Justifying Myopic Behavior in the Finance Industry
        Another very rich topic that Stout digs into is how the realities of the finance industry interact with shareholder primacy to encourage myopic behavior in corporations and investors.  Short-term investing has been increasing.  By 2010, public stock is held for four months on average compared to eight years in 1960.  Therefore, even though investors should theoretically be primarily interested in long-term corporate performance, clearly many are profiting from short term gains.  An investor who only plans on holding a stock for a short time can and do lobby for actions that increase the stock price in the short term, after which the investor sells, thus relinquishing her interest in the long-term success of the corporation.  In fact, it would be good for these investors if the stock price subsequently went down so that she can invest again and start the cycle over.  Myopic behaviors include cutting back on R&D or marketing or laying off employees to boost quarterly earnings reports.  They also include splitting up the company, selling off assets, and getting acquired.
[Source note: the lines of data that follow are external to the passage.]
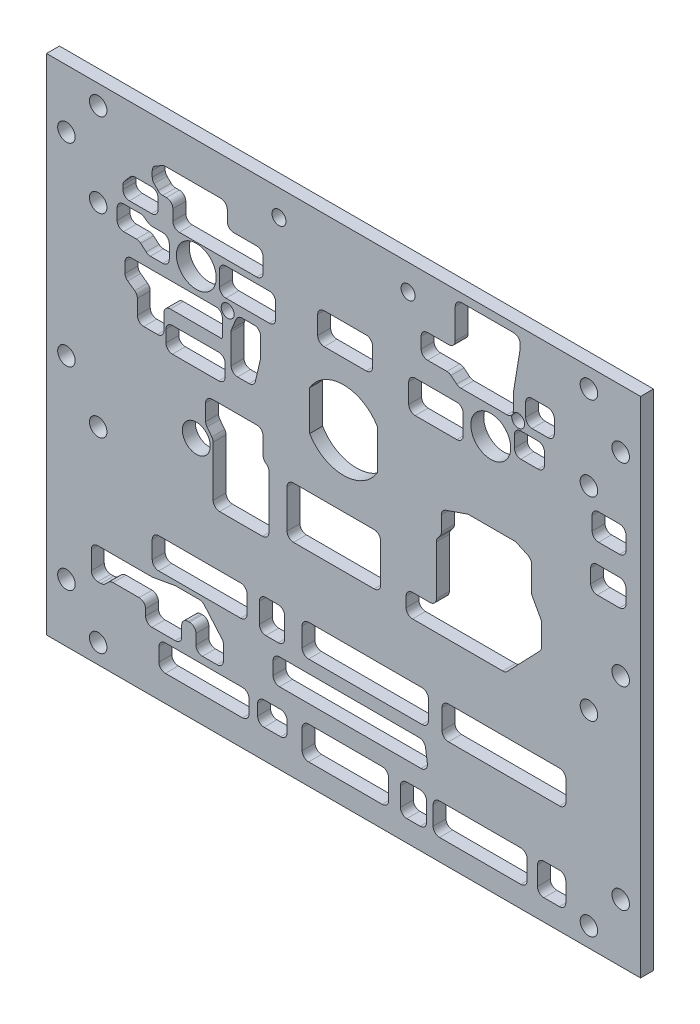
SolidWorks part; units mm, degrees
ref_plane "Front Plane" through (0, 0, 0) normal (0, 0, 1) x (1, 0, 0)
ref_plane "Top Plane" through (0, 0, 0) normal (0, 1, 0) x (1, 0, 0)
ref_plane "Right Plane" through (0, 0, 0) normal (1, 0, 0) x (0, 0, -1)
sketch "Sketch1" plane through (0, 0, 0) normal (0, 0, 1) x (1, 0, 0)
  line L8 (0, 123.825) -> (-146.05, 123.825)
  line L9 (-146.05, 123.825) -> (-146.05, 0)
  line L10 (-146.05, 0) -> (0, 0)
  line L11 (0, 0) -> (0, 123.825)
extrude "Boss-Extrude1" add sketch "Sketch1" against normal blind 3.175
hole_wizard "#6 Clearance Hole1" positions "Sketch3" profile "Sketch2" hole size "#6" standard "ANSI Inch" end condition through all
sketch "Sketch3" plane through (0, 0, -3.175) normal (0, 0, -1) x (-1, 0, 0)
  line L0 (88.9, 117.475) -> (57.15, 117.475) construction
  point P0 (12.7, 119.0625)
  point P9 (133.35, 119.0625)
  point P12 (141.1605, 109.5375)
  point P15 (133.35, 98.425)
  point P18 (141.1605, 61.9125)
  point P21 (133.35, 50.673)
  point P24 (133.35, 4.7625)
  point P27 (12.7, 4.7625)
  point P30 (12.7, 50.673)
  point P33 (12.7, 98.425)
  point P36 (4.8895, 109.5375)
  point P39 (141.1605, 14.2875)
  point P42 (4.8895, 14.2875)
  point P45 (4.8895, 61.9125)
sketch "Sketch2" plane through (-12.7, 119.0625, -3.175) normal (1, 0, 0) x (0, 1, 0)
  line L0 (0, 0) -> (0, 3.175)
  line L1 (0, 3.175) -> (2.1526, 3.175)
  line L2 (2.1526, 3.175) -> (2.1526, 0)
  line L5 (2.1526, 0) -> (0, 0)
  line L11 (0, -6.35) -> (0, 107.95) construction
  dimension "Thru Hole Dia." = 4.3053
  dimension "Thru Hole Depth" = 3.175
sketch "Sketch4" plane through (0, 0, -3.175) normal (0, 0, -1) x (-1, 0, 0)
  line L0 (109.22, 96.901) -> (89.8757, 96.901) construction
  line L1 (109.22, 96.901) -> (101.5141, 91.3023) construction
  line L2 (81.3435, 85.0323) -> (81.3435, 75.2417)
  line L3 (64.7065, 75.2417) -> (64.7065, 85.0323)
  line L5 (36.83, 96.901) -> (21.0814, 96.901) construction
  line L6 (36.83, 96.901) -> (30.0948, 103.6362) construction
  circle A0 centre (36.83, 96.901) radius 4.9022
  circle A1 centre (36.83, 60.325) radius 3.7703
  circle A2 centre (109.22, 60.325) radius 3.429
  circle A3 centre (109.22, 96.901) radius 4.9022
  circle A4 centre (36.83, 66.525) radius 1.125
  circle A5 centre (101.5141, 91.3023) radius 1.5875
  arc A6 (81.3435, 85.0323) -> (64.7065, 85.0323) centre (73.025, 80.137) ccw
  arc A7 (64.7065, 75.2417) -> (81.3435, 75.2417) centre (73.025, 80.137) ccw
  circle A8 centre (30.0948, 103.6362) radius 1.5875
  dimension "D1" = 7.5406
  dimension "D2" = 9.8044
  dimension "D3" = 6.858
  dimension "D4" = 2.25
  dimension "D5" = 3.175
  dimension "D7" = 9.8044
  dimension "D9" = 315
  dimension "D11" = 3.175
  dimension "D6" = 9.525
  dimension "D8" = 36
  dimension "D10" = 9.525
  dimension "D12" = 6.2
extrude "Switch Mount Holes" cut sketch "Sketch4" against normal through all
hole_wizard "#4 Clearance Hole1" positions "Sketch6" profile "Sketch5" hole size "#4" standard "ANSI Inch" end condition through all
sketch "Sketch6" plane through (0, 0, 0) normal (0, 0, 1) x (1, 0, 0)
  point P3 (-88.9, 117.475)
  point P6 (-57.15, 117.475)
sketch "Sketch5" plane through (-88.9, 117.475, 0) normal (1, 0, 0) x (0, -1, 0)
  line L0 (0, 0) -> (0, 3.175)
  line L1 (0, 3.175) -> (1.7272, 3.175)
  line L2 (1.7272, 3.175) -> (1.7272, 0)
  line L5 (1.7272, 0) -> (0, 0)
  line L11 (0, -6.35) -> (0, 107.95) construction
  dimension "Thru Hole Dia." = 3.4544
  dimension "Thru Hole Depth" = 3.175
sketch "Sketch7" plane through (0, 0, -3.175) normal (0, 0, -1) x (-1, 0, 0)
  line L0 (50.1883, 55.6576) -> (50.1883, 67.7772)
  line L9 (30.4526, 77.4046) -> (27.7399, 76.1861)
  line L10 (26.8029, 74.738) -> (26.8029, 68.7138)
  line L16 (48.9573, 70.478) -> (48.9573, 74.1496)
  line L17 (47.8891, 75.6498) -> (42.6693, 77.4567)
  line L18 (42.15, 77.544) -> (31.1031, 77.544)
  line L22 (24.3417, 58.3195) -> (24.3417, 63.425)
  line L24 (5.1812, 94.0944) -> (10.326, 94.0944)
  line L25 (3.5937, 92.5069) -> (3.5937, 89.2086)
  line L26 (5.1812, 87.6211) -> (10.326, 87.6211)
  line L27 (11.9135, 92.5069) -> (11.9135, 89.2086)
  line L28 (5.1812, 82.7314) -> (10.6748, 82.7314)
  line L29 (3.5937, 81.1439) -> (3.5937, 77.808)
  line L30 (5.1812, 76.2205) -> (10.6748, 76.2205)
  line L31 (12.2623, 81.1439) -> (12.2623, 77.808)
  line L36 (65.5088, 62.7223) -> (85.3289, 62.7223)
  line L37 (63.9213, 61.1348) -> (63.9213, 51.6801)
  line L38 (65.5088, 50.0926) -> (85.3289, 50.0926)
  line L39 (86.9164, 61.1348) -> (86.9164, 51.6801)
  line L40 (45.5644, 120.203) -> (45.5644, 112.8447)
  line L41 (47.1519, 111.2572) -> (52.3642, 111.2572)
  line L42 (53.9517, 109.6697) -> (53.9517, 106.9355)
  line L43 (52.3642, 105.348) -> (47.5969, 105.348)
  line L44 (46.598, 104.9944) -> (45.1842, 103.8499)
  line L45 (44.1854, 103.4962) -> (32.8826, 103.4962)
  line L49 (22.7874, 110.0698) -> (26.67, 110.0698)
  line L50 (28.2575, 108.4823) -> (28.2575, 105.2469)
  line L51 (26.67, 103.6594) -> (22.7874, 103.6594)
  line L52 (21.1999, 105.2469) -> (21.1999, 108.4823)
  line L53 (31.0254, 97.333) -> (31.0254, 100.1621)
  line L54 (29.4379, 101.7496) -> (25.2171, 101.7496)
  line L55 (23.6296, 100.1621) -> (23.6296, 97.333)
  line L56 (25.2171, 95.7455) -> (29.4379, 95.7455)
  line L57 (45.1936, 100.0129) -> (55.4124, 100.0129)
  line L58 (56.9999, 98.4254) -> (56.9999, 93.6299)
  line L59 (55.4124, 92.0424) -> (45.1936, 92.0424)
  line L60 (43.6061, 93.6299) -> (43.6061, 98.4254)
  line L61 (67.4661, 103.1819) -> (77.7971, 103.1819)
  line L62 (79.3846, 101.5944) -> (79.3846, 97.1115)
  line L63 (77.7971, 95.524) -> (67.4661, 95.524)
  line L64 (65.8786, 97.1115) -> (65.8786, 101.5944)
  line L65 (101.6113, 112.8205) -> (101.6113, 110.2692)
  line L66 (100.0238, 108.6817) -> (94.374, 108.6817)
  line L67 (92.7865, 107.0942) -> (92.7865, 103.6594)
  line L68 (94.374, 102.0719) -> (113.3987, 102.0719)
  line L69 (114.9862, 103.6594) -> (114.9862, 106.2952)
  line L70 (116.5737, 107.8827) -> (117.4821, 107.8827)
  line L71 (118.6047, 108.3477) -> (119.594, 109.337)
  line L72 (120.059, 110.4596) -> (120.059, 111.8874)
  line L73 (119.235, 113.2792) -> (117.5341, 114.2123)
  line L74 (116.7706, 114.408) -> (103.1988, 114.408)
  line L75 (118.6106, 106.776) -> (118.6106, 104.2323)
  line L76 (120.1981, 102.6448) -> (125.6772, 102.6448)
  line L77 (127.2647, 104.2323) -> (127.2647, 105.1854)
  line L78 (126.8771, 106.2249) -> (125.4846, 107.8322)
  line L79 (124.2782, 108.3802) -> (120.1916, 108.3635)
  line L80 (128.6873, 99.6767) -> (128.6873, 96.9557)
  line L81 (127.0998, 95.3682) -> (123.9282, 95.3682)
  line L82 (122.8887, 94.9806) -> (121.5452, 93.8167)
  line L83 (120.5057, 93.429) -> (117.4622, 93.429)
  line L84 (115.8747, 95.0165) -> (115.8747, 98.3811)
  line L85 (117.4622, 99.9686) -> (120.0973, 99.9686)
  line L86 (120.9827, 100.2384) -> (122.1076, 100.9943)
  line L87 (122.993, 101.2642) -> (127.0998, 101.2642)
  line L88 (91.2932, 100.6292) -> (101.9492, 100.6292)
  line L89 (103.5367, 99.0417) -> (103.5367, 95.3671)
  line L90 (101.9492, 93.7796) -> (91.2932, 93.7796)
  line L91 (89.7057, 95.3671) -> (89.7057, 99.0417)
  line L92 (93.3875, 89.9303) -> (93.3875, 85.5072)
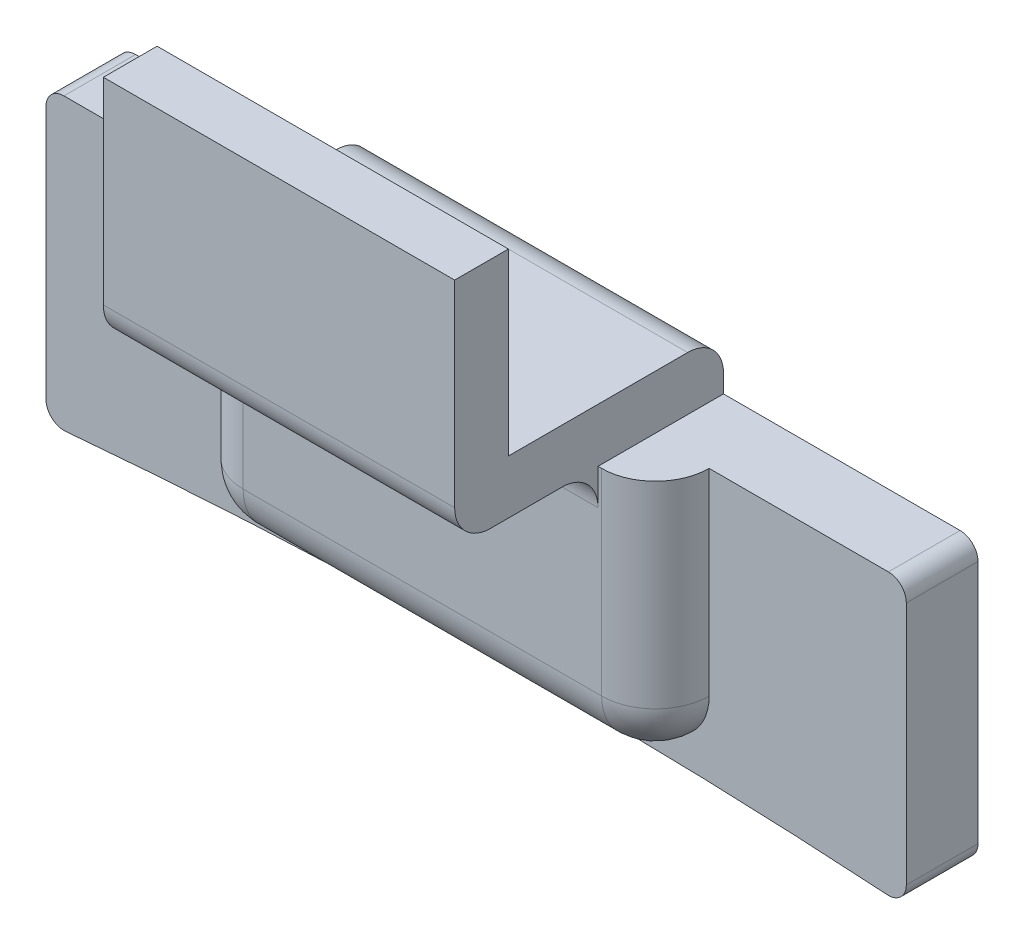
SolidWorks part; units mm, degrees
material "7079 Alloy"
ref_plane "Front Plane" through (0, 0, 0) normal (0, 0, 1) x (1, 0, 0)
ref_plane "Top Plane" through (0, 0, 0) normal (0, 1, 0) x (1, 0, 0)
ref_plane "Right Plane" through (0, 0, 0) normal (1, 0, 0) x (0, 0, -1)
ref_plane "Plane1" through (0, 0, 0) normal (0, 0, -1) x (-1, 0, 0)
sketch "Sketch1" plane through (0, 0, 0) normal (0, 0, -1) x (-1, 0, 0)
  line L0 (27.5, -16.2631) -> (27.5, 0)
  line L1 (27.5, 0) -> (-20.5, 0)
  line L2 (-20.5, 0) -> (-20.5, -15.7012)
  arc A0 (-20.5, -15.7012) -> (27.5, -16.2631) centre (0, -315) cw
  dimension "D1" = 300
  dimension "D2" = 48
extrude "Boss-Extrude1" add sketch "Sketch1" against normal blind 4
sketch "Sketch4" plane through (0, 0, 4) normal (0, 0, 1) x (1, 0, 0)
  line L0 (9.5, 0) -> (9.5, -14)
  line L1 (9.5, -14) -> (-16.5, -14)
  line L2 (-16.5, -14) -> (-16.5, 0)
  line L3 (-16.5, 0) -> (9.5, 0)
  line L5 (20.5, 0) -> (20.5, -15.7012) construction
  dimension "D1" = 26
  dimension "D2" = 11
extrude "Boss-Extrude2" add sketch "Sketch4" along normal blind 3
fillet "Fillet1" radius 1 4 edges at (20.5, 0, 2) (-27.5, 0, 2) (20.5, -15.7012, 2) (-27.5, -16.2631, 2) tangent propagation no
fillet "Fillet3" radius 3 3 edges at (-3.5, -14, 7) (-16.5, -7, 7) (9.5, -7, 7)
fillet "Fillet4" radius 3 2 edges at (-15.6213, -13.1213, 6.1213) (8.6213, -13.1213, 6.1213)
sketch "Sketch5" plane through (0, 0, 0) normal (0, 1, 0) x (1, 0, 0)
  line L0 (6.3, -7) -> (-13.3, -7)
  line L1 (6.3, -7) -> (6.3, 0)
  line L2 (-13.3, -7) -> (-13.3, 0)
  line L3 (6.3, 0) -> (-13.3, 0)
  line L4 (-26.5, 0) -> (19.5, 0) construction
  line L5 (6.5, -7) -> (-13.5, -7) construction
  point P10 (-3.5, -7)
  point P11 (-3.5, -7)
  dimension "D1" = 19.6
extrude "Boss-Extrude3" add sketch "Sketch5" along normal blind 3
sketch "Sketch8" plane through (0, 0, 7) normal (0, 0, 1) x (1, 0, 0)
  line L1 (6.3, 0) -> (-13.3, 0)
  line L2 (6.3, 0) -> (6.3, 3)
  line L3 (6.3, 3) -> (-13.3, 3)
  line L4 (-13.3, 0) -> (-13.3, 3)
extrude "Boss-Extrude5" add sketch "Sketch8" along normal blind 5
sketch "Sketch9" plane through (0, 0, 0) normal (0, -1, 0) x (1, 0, 0)
  line L0 (-13.3, 12) -> (6.3, 12)
  line L1 (-13.3, 12) -> (-13.3, 15)
  line L2 (6.3, 12) -> (6.3, 15)
  line L3 (-13.3, 15) -> (6.3, 15)
  dimension "D1" = 3
extrude "Boss-Extrude6" add sketch "Sketch9" against normal blind 13
fillet "Fillet5" radius 2 3 edges at (-3.5, 0, 15) (-3.5, 3, 0) (-3.5, 0, 7)

       These things happen because shareholders (and thus investors) are heterogeneous in their expertise as well as incentives.  Also, information is expensive and time consuming, especially more qualitative information as opposed to prices.  Long-term investors profit from the overall performance of the market.  They will hold diversified assets in order to reduce risk.  As a result, they "suffer" from rational apathy.  There is too much information and their stake in each company is so small that it is not worth it to investigate whether a company's earnings went up because of myopic behavior or because of a particularly successful new product or operational improvements.  In contrast, shareholders who are more involved in corporate governance are usually short-term investors who profit from buying and selling.  They will hold relatively large stakes in a small number of companies, and it is in their interest to create "news" that will change expectations one way or another.  Yes, the market eventually "corrects itself," but the profits and losses from the error and subsequent correction are real.  Misallocation of financial capital, hurting employee morale, losing talent, slower innovation, lower quality products, reduced customer loyalty are sometimes also tangible and lasting effects.  Another dynamic that exacerbates the prevalence of these behaviors is that long-term investors such as institutional investors, who invest on behalf of pensioners for example, hire active managers to manage large portions of their assets.  These active managers are judged by their quarterly performance.  As a result, they are often short-term investors because those strategies are more reliable as well as profitable.


Recommendations
        Ok, that sounds like a hairy mess.  Stout's recommendations aren't as crisp as her analysis of the situation.  Even so, there are four potential solutions that stood out to me.

    1. Stop promoting shareholder democracy and giving shareholders more power.  This is one of Stout's main recommendations.  Shareholders do not act like responsible principals and cannot be counted on for effective corporate governance.  For example, even after the Great Recession and subsequent bailout, shareholders opted not to diffuse the power of the CEO and chairman of JPMorgan Jamie Dimon, much less fire him. 
    2. Her second recommendation is to encourage companies to maximize stakeholder value.  She introduces the concept of team production, which expands on maximizing stakeholder value as a more descriptive theory of how corporations create value.  Basically, value is created as corporations build trust and commitment among employees, creditors, managers, consumers, and the community.
    3. Institutional investors should change how they evaluate active managers.  Stout did not focus on this probably because she does not think that institutional investors have enough incentive to reform this.
    4. Make information cheaper for long-term investors.  Stout also does not focus on this possibly because it is unclear if it is technically feasible.  However, I am personally very interested in this kind of solution.